Sooner or later a woman comes into the life of one of these men. Sometimes she is there for a few of those days off and then drifts away and is forgotten. Sometimes she drifts away and is not forgotten. And sometimes she stays. 
Then her man goes away for 14 days. This is entirely too long. He sends text messages from the back seat of a white pickup, and when the crew tries to drag him into the conversation, they discover he is not paying attention. 
Pride is rampant here, and if they talk about the woman at all, they reduce her far below what she really is. Sometimes he calls her, but phone conversations from pickup trucks tend to be remarkably restrained by the presence of others.
When you approach a truck and open the door, you’re constantly stumbling into private conversations.
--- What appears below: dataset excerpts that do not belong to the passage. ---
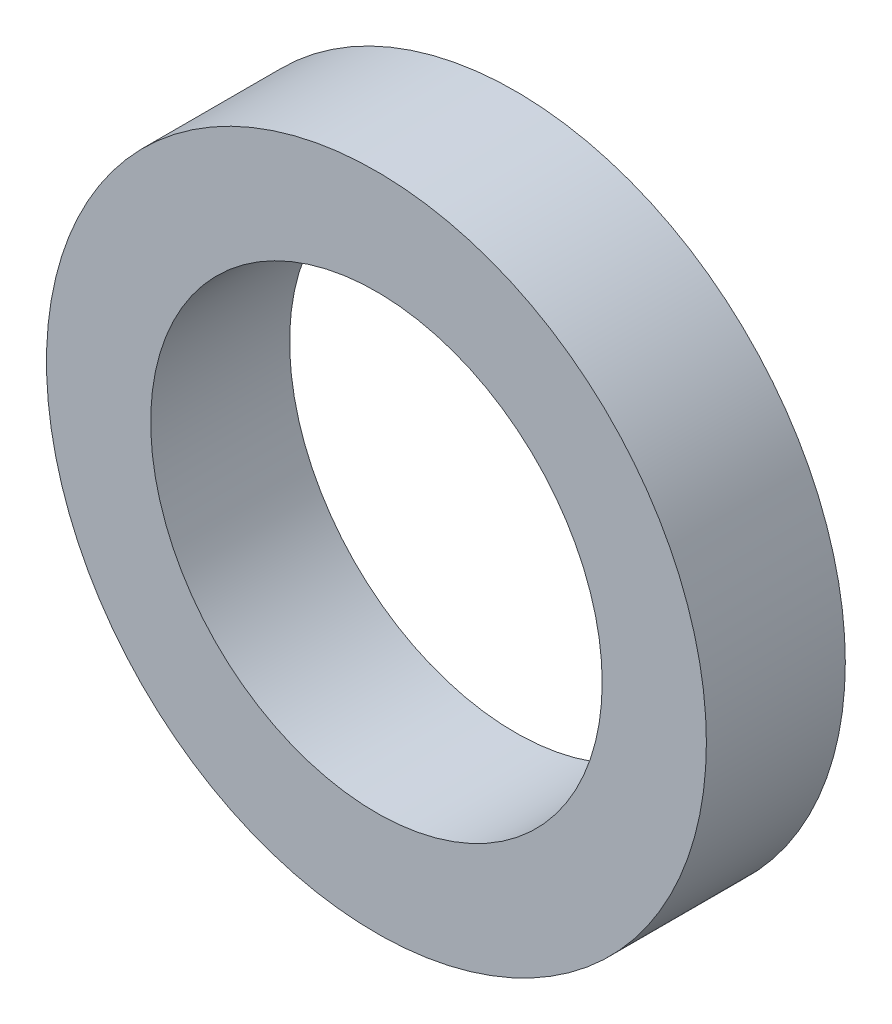
ISO-10303-21;
HEADER;
FILE_DESCRIPTION(('STEP AP214'),'2;1');
FILE_NAME('part.step','',(''),(''),'','','');
FILE_SCHEMA(('AUTOMOTIVE_DESIGN { 1 0 10303 214 1 1 1 1 }'));
ENDSEC;
DATA;
#1=APPLICATION_CONTEXT('core data for automotive mechanical design processes');
#2=APPLICATION_PROTOCOL_DEFINITION('international standard','automotive_design',2000,#1);
#3=PRODUCT_CONTEXT('',#1,'mechanical');
#4=PRODUCT('Part','Part','',(#3));
#5=PRODUCT_RELATED_PRODUCT_CATEGORY('part','',(#4));
#6=PRODUCT_DEFINITION_FORMATION('','',#4);
#7=PRODUCT_DEFINITION_CONTEXT('part definition',#1,'design');
#8=PRODUCT_DEFINITION('design','',#6,#7);
#9=PRODUCT_DEFINITION_SHAPE('','',#8);
#10=(LENGTH_UNIT() NAMED_UNIT(*) SI_UNIT(.MILLI.,.METRE.));
#11=(NAMED_UNIT(*) PLANE_ANGLE_UNIT() SI_UNIT($,.RADIAN.));
#12=(NAMED_UNIT(*) SI_UNIT($,.STERADIAN.) SOLID_ANGLE_UNIT());
#13=UNCERTAINTY_MEASURE_WITH_UNIT(LENGTH_MEASURE(1.E-05),#10,'distance_accuracy_value','');
#14=(GEOMETRIC_REPRESENTATION_CONTEXT(3) GLOBAL_UNCERTAINTY_ASSIGNED_CONTEXT((#13)) GLOBAL_UNIT_ASSIGNED_CONTEXT((#10,
#11,#12)) REPRESENTATION_CONTEXT('',''));
#15=CARTESIAN_POINT('',(0.,0.,0.));
#16=DIRECTION('',(0.,0.,1.));
#17=DIRECTION('',(1.,0.,0.));
#18=AXIS2_PLACEMENT_3D('',#15,#16,#17);
#19=CARTESIAN_POINT('',(0.,0.,-4.));
#20=DIRECTION('',(0.,0.,-1.));
#21=DIRECTION('',(1.,0.,0.));
#22=AXIS2_PLACEMENT_3D('',#19,#20,#21);
#23=PLANE('',#22);
#24=CARTESIAN_POINT('',(0.,0.,-4.));
#25=DIRECTION('',(0.,0.,1.));
#26=DIRECTION('',(1.,0.,0.));
#27=AXIS2_PLACEMENT_3D('',#24,#25,#26);
#28=CIRCLE('',#27,9.5);
#29=CARTESIAN_POINT('',(9.5,0.,-4.));
#30=VERTEX_POINT('',#29);
#31=EDGE_CURVE('E10',#30,#30,#28,.T.);
#32=ORIENTED_EDGE('',*,*,#31,.F.);
#33=EDGE_LOOP('',(#32));
#34=FACE_BOUND('',#33,.T.);
#35=CARTESIAN_POINT('',(0.,0.,-4.));
#36=DIRECTION('',(0.,0.,1.));
#37=DIRECTION('',(1.,0.,0.));
#38=AXIS2_PLACEMENT_3D('',#35,#36,#37);
#39=CIRCLE('',#38,6.5);
#40=CARTESIAN_POINT('',(6.5,0.,-4.));
#41=VERTEX_POINT('',#40);
#42=EDGE_CURVE('E50',#41,#41,#39,.T.);
#43=ORIENTED_EDGE('',*,*,#42,.T.);
#44=EDGE_LOOP('',(#43));
#45=FACE_BOUND('',#44,.T.);
#46=ADVANCED_FACE('F39',(#34,#45),#23,.T.);
#47=CARTESIAN_POINT('',(0.,0.,0.));
#48=DIRECTION('',(0.,0.,-1.));
#49=DIRECTION('',(1.,0.,0.));
#50=AXIS2_PLACEMENT_3D('',#47,#48,#49);
#51=PLANE('',#50);
#52=CARTESIAN_POINT('',(0.,0.,0.));
#53=DIRECTION('',(0.,0.,1.));
#54=DIRECTION('',(1.,0.,0.));
#55=AXIS2_PLACEMENT_3D('',#52,#53,#54);
#56=CIRCLE('',#55,9.5);
#57=CARTESIAN_POINT('',(9.5,0.,0.));
#58=VERTEX_POINT('',#57);
#59=EDGE_CURVE('E43',#58,#58,#56,.T.);
#60=ORIENTED_EDGE('',*,*,#59,.T.);
#61=EDGE_LOOP('',(#60));
#62=FACE_BOUND('',#61,.T.);
#63=CARTESIAN_POINT('',(0.,0.,0.));
#64=DIRECTION('',(0.,0.,1.));
#65=DIRECTION('',(1.,0.,0.));
#66=AXIS2_PLACEMENT_3D('',#63,#64,#65);
#67=CIRCLE('',#66,6.5);
#68=CARTESIAN_POINT('',(6.5,0.,0.));
#69=VERTEX_POINT('',#68);
#70=EDGE_CURVE('E52',#69,#69,#67,.T.);
#71=ORIENTED_EDGE('',*,*,#70,.F.);
#72=EDGE_LOOP('',(#71));
#73=FACE_BOUND('',#72,.T.);
#74=ADVANCED_FACE('F65',(#62,#73),#51,.F.);
#75=CARTESIAN_POINT('',(0.,0.,-4.));
#76=DIRECTION('',(0.,0.,1.));
#77=DIRECTION('',(-1.,0.,0.));
#78=AXIS2_PLACEMENT_3D('',#75,#76,#77);
#79=CYLINDRICAL_SURFACE('',#78,9.5);
#80=ORIENTED_EDGE('',*,*,#31,.T.);
#81=EDGE_LOOP('',(#80));
#82=FACE_BOUND('',#81,.T.);
#83=ORIENTED_EDGE('',*,*,#59,.F.);
#84=EDGE_LOOP('',(#83));
#85=FACE_BOUND('',#84,.T.);
#86=ADVANCED_FACE('F41',(#82,#85),#79,.T.);
#87=CARTESIAN_POINT('',(0.,0.,-4.));
#88=DIRECTION('',(0.,0.,1.));
#89=DIRECTION('',(-1.,0.,0.));
#90=AXIS2_PLACEMENT_3D('',#87,#88,#89);
#91=CYLINDRICAL_SURFACE('',#90,6.5);
#92=ORIENTED_EDGE('',*,*,#42,.F.);
#93=EDGE_LOOP('',(#92));
#94=FACE_BOUND('',#93,.T.);
#95=ORIENTED_EDGE('',*,*,#70,.T.);
#96=EDGE_LOOP('',(#95));
#97=FACE_BOUND('',#96,.T.);
#98=ADVANCED_FACE('F59',(#94,#97),#91,.F.);
#99=CLOSED_SHELL('',(#46,#74,#86,#98));
#100=MANIFOLD_SOLID_BREP('B2',#99);
#101=ADVANCED_BREP_SHAPE_REPRESENTATION('',(#18,#100),#14);
#102=SHAPE_DEFINITION_REPRESENTATION(#9,#101);
ENDSEC;
END-ISO-10303-21;

And once you stumble, it’s too late: you see the guy’s eyes dart around and hear his conversation muffle to an end, “I love you, too.” 
Some of the younger men know the hope and pain these conversations bring but can’t articulate it. All those talks hinge on a few days off sometime in the future. There is so much to say and no way to say it. 
“How did today go?” she asks. 
It went fine, or it went bad, but there is no way to explain to someone 100 miles away a blowout preventer, a lubricator and the tempers of four guys working through a job gone wrong. Yet there is also nothing else to say about that day, so the daily summaries are compressed to “good,” “bad” or “O.K.”
The conversation then stalls until he asks, “How was your day?” 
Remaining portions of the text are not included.